Kısacası, lüks makam aracını kullanmış olan ve hala kullanmakta olan Meral Akşener, kime inin şu arabalardan diyecek, merak etmiştik.

Bu söylenilenler halkın arzu ettiği ifadelerdir, böyle konuşursam kesin bir karşılık bulurum stratejisi pek tutmadı.

Muharrem İnce neden kaybetti?

Öncelikle seçim stratejileri belirlenirken ‘halk neyi ister, neyi istemez’ sorularıyla yol haritası belirlemek yerine, yapılması gerekenleri, eksik görülenleri bütün cephelerden görmeleri gerekirdi.

Halkı ikna etmek için camide poz vermek yerine, biz eski CHP olarak bu milletin inanç özgürlüğüne pek saygı duymadık, bundan sonraki süreçte inançlarla ilgili bir kavgamız olmayacak öz eleştirisi daha etkili olurdu.

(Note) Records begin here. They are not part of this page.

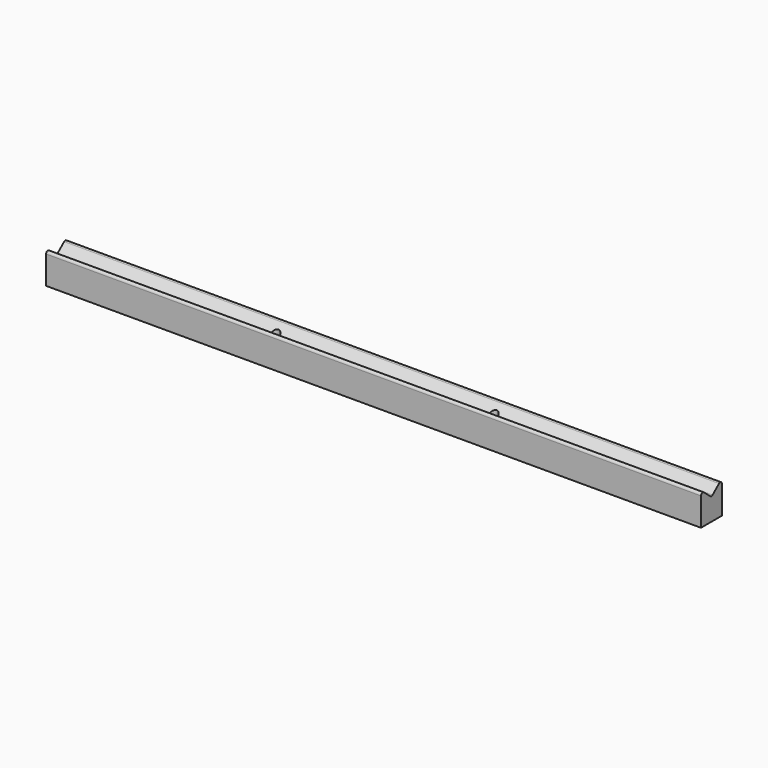
from build123d import *

# Parameters (mm, degrees)
F0_W         = 300
F0_H         = 12
F0_R         = 2
F1_DEPTH     = 15
F3_DEPTH     = 300.001
F4_T4_DEPTH  = 100.0833333333
F4_S5_R      = 2
F4_T6_DEPTH  = 52
F4_T10_DEPTH = 100.1666666667
F4_S11_R     = 2
F4_T12_DEPTH = 52
F4_S13_R     = 2
F4_T14_DEPTH = 52
F4_T18_DEPTH = 100.0833333333
F4_S19_R     = 2
F4_T20_DEPTH = 52
F4_T21_DEPTH = 310.6752080633


# Not quite as in the source:
# - a fillet or chamfer that OpenCascade refuses, or shapes differently, is made with other operations: its cross-section is extruded or revolved along the edge and cut away or added


with BuildPart() as f1:
    # F0 (on Top) → F1 (new body)
    with BuildSketch(Plane.XY):
        Rectangle(F0_W, F0_H)
        with Locations((-50, 0)):
            Circle(F0_R, mode=Mode.SUBTRACT)
        with Locations((50, 0)):
            Circle(F0_R, mode=Mode.SUBTRACT)
    extrude(amount=F1_DEPTH)

    # F2 (on face) → F3 (cut, through all)
    with BuildSketch(Plane.YZ.offset(150)):
        Polygon((6, 15), (-6, 15), (0, 10), align=None)
    extrude(amount=-F3_DEPTH, mode=Mode.SUBTRACT)

    # F4: fillet of radius 1 on 5 edges, made by hand


with BuildPart() as f4_tool2:
    # F4_s3 → F4_t4 (new body)
    with BuildSketch(Plane.YZ.offset(150)):
        with BuildLine():
            ThreePointArc((-0.6401843997, 10.5334869997), (0, 10.3017082793), (0.6401843997, 10.5334869997))
            Line((0.6401843997, 10.5334869997), (0, 10))
            Line((0, 10), (-0.6401843997, 10.5334869997))
        make_face()
    extrude(amount=-F4_T4_DEPTH)

    # F4_s5 → F4_t6 (cut, symmetric)
    with BuildSketch(Plane.XY.offset(10.3)):
        with Locations((50, 0)):
            Circle(F4_S5_R)
    extrude(amount=F4_T6_DEPTH, both=True, mode=Mode.SUBTRACT)


with BuildPart() as f1_1:
    add(f1.part)

    # F4_t1: union F4_tool2
    add(f4_tool2.part)


with BuildPart() as f4_tool8:
    # F4_s9 → F4_t10 (new body)
    with BuildSketch(Plane.YZ.offset(50.0833333333)):
        with BuildLine():
            ThreePointArc((-0.6401843997, 10.5334869997), (0, 10.3017082793), (0.6401843997, 10.5334869997))
            Line((0.6401843997, 10.5334869997), (0, 10))
            Line((0, 10), (-0.6401843997, 10.5334869997))
        make_face()
    extrude(amount=-F4_T10_DEPTH)

    # F4_s11 → F4_t12 (cut, symmetric)
    with BuildSketch(Plane.XY.offset(10.3)):
        with Locations((50, 0)):
            Circle(F4_S11_R)
    extrude(amount=F4_T12_DEPTH, both=True, mode=Mode.SUBTRACT)

    # F4_s13 → F4_t14 (cut, symmetric)
    with BuildSketch(Plane.XY.offset(10.3)):
        with Locations((-50, 0)):
            Circle(F4_S13_R)
    extrude(amount=F4_T14_DEPTH, both=True, mode=Mode.SUBTRACT)


with BuildPart() as f1_2:
    add(f1_1.part)

    # F4_t7: union F4_tool8
    add(f4_tool8.part)


with BuildPart() as f4_tool16:
    # F4_s17 → F4_t18 (new body)
    with BuildSketch(Plane.YZ.offset(-49.9166666667)):
        with BuildLine():
            ThreePointArc((-0.6401843997, 10.5334869997), (0, 10.3017082793), (0.6401843997, 10.5334869997))
            Line((0.6401843997, 10.5334869997), (0, 10))
            Line((0, 10), (-0.6401843997, 10.5334869997))
        make_face()
    extrude(amount=-F4_T18_DEPTH)

    # F4_s19 → F4_t20 (cut, symmetric)
    with BuildSketch(Plane.XY.offset(10.3)):
        with Locations((-50, 0)):
            Circle(F4_S19_R)
    extrude(amount=F4_T20_DEPTH, both=True, mode=Mode.SUBTRACT)


with BuildPart() as f1_3:
    add(f1_2.part)

    # F4_t15: union F4_tool16
    add(f4_tool16.part)

    # F4_s22 → F4_t21 (cut)
    with BuildSketch(Plane.YZ.offset(-155.3376040316)):
        with BuildLine():
            ThreePointArc((-6, 12.8649583873), (-5.4241553962, 13.7705478086), (-4.3598156003, 13.6331796669))
            Line((-4.3598156003, 13.6331796669), (-6, 15))
            Line((-6, 15), (-6, 12.8649583873))
        make_face()
        with BuildLine():
            ThreePointArc((4.3598156003, 13.6331796669), (5.4241553962, 13.7705478086), (6, 12.8649583873))
            Line((6, 12.8649583873), (6, 15))
            Line((6, 15), (4.3598156003, 13.6331796669))
        make_face()
    extrude(amount=F4_T21_DEPTH, mode=Mode.SUBTRACT)


solid = f1_3.part

Her gün cuma namazı kılarım söylemi, cumaya gideni de, gitmeyeni de pek etkilemedi.

Geçmişinizle yüzleşme cesareti gösteremediğiniz anda gelecek için vaat ettikleriniz sirayet etmez.

Çiftçinin beyaz gömleğini kirletip kirletmemesi yerine, Çiftci için mantıklı izahatlarda bulunmayı, sırf ekonomik dar boğaz algısı çizmek için, lobilerin soğanla, patatesle bu millete saldırması etkili olamazdı.

Uzaya karşılık çizilen kek polemiği, sofrasında aşı olmayan garibin anlayacağı bir üslup değildi.

Çocuklarını önce okutabilmenin çaresizliğine karşı, uzay üstleri bir anlam taşımazdı.
Bu ifade bir zamanlar ‘ekmek bulamıyorlarsa pasta yesinler’ ifadesini çağrıştırdı.

Halktan görünmek, millet olabilmek, birilerini ikna etmek için maske takmak değildir. Ki bu maske,yüzde iyi durmadı, erken düştü.

Millete verilen değerin ne olduğunu ve ne olması gerektiğini ifade eden İnce, telefon kayıtlarında çok da ince bir tablo çizmedi.
Türk polisinin görevini yapması karşısında ‘sen kimsin- yarın bütün işim gücüm seninle uğraşmak olacak’ söylemini seçim gecesi kayıplara karıştıktan sonra mesajını yayınlayan İsmail Küçükkaya içinde söylemesi ‘can çıkar, huy çıkmaz’ atasözünü doğruladı.

Sen kimsin sorusunu sorduğu insanlar,sandıklara ‘ ben milletim’ mührünü vurdu.

Son olarak Merak Akşener meydanlara hiç çıkmasaydı, herkesin bilinç altında yer edinen cesur kadın imajıyla daha fazla oy alabilirdi.

Muharrem İnce ise maske takmak yerine,seçimlerden sonra dile getirdiği demokrasi söyleminin samimiyetini, ilk andan itibaren vurgulaya bilseydi CHP’ nin kemikleşen oyunun dışına çıkıp, kırk yıldan sonra, yüzde üçlük bir etki daha oluştura bilirdi.

Sonuç olarak bu vakitten itibaren meselenin devlet meselesi olduğunu bilerek hareket edenler kazanacak, verilen mesajlara riayet etmeyenler, kaybedecektir.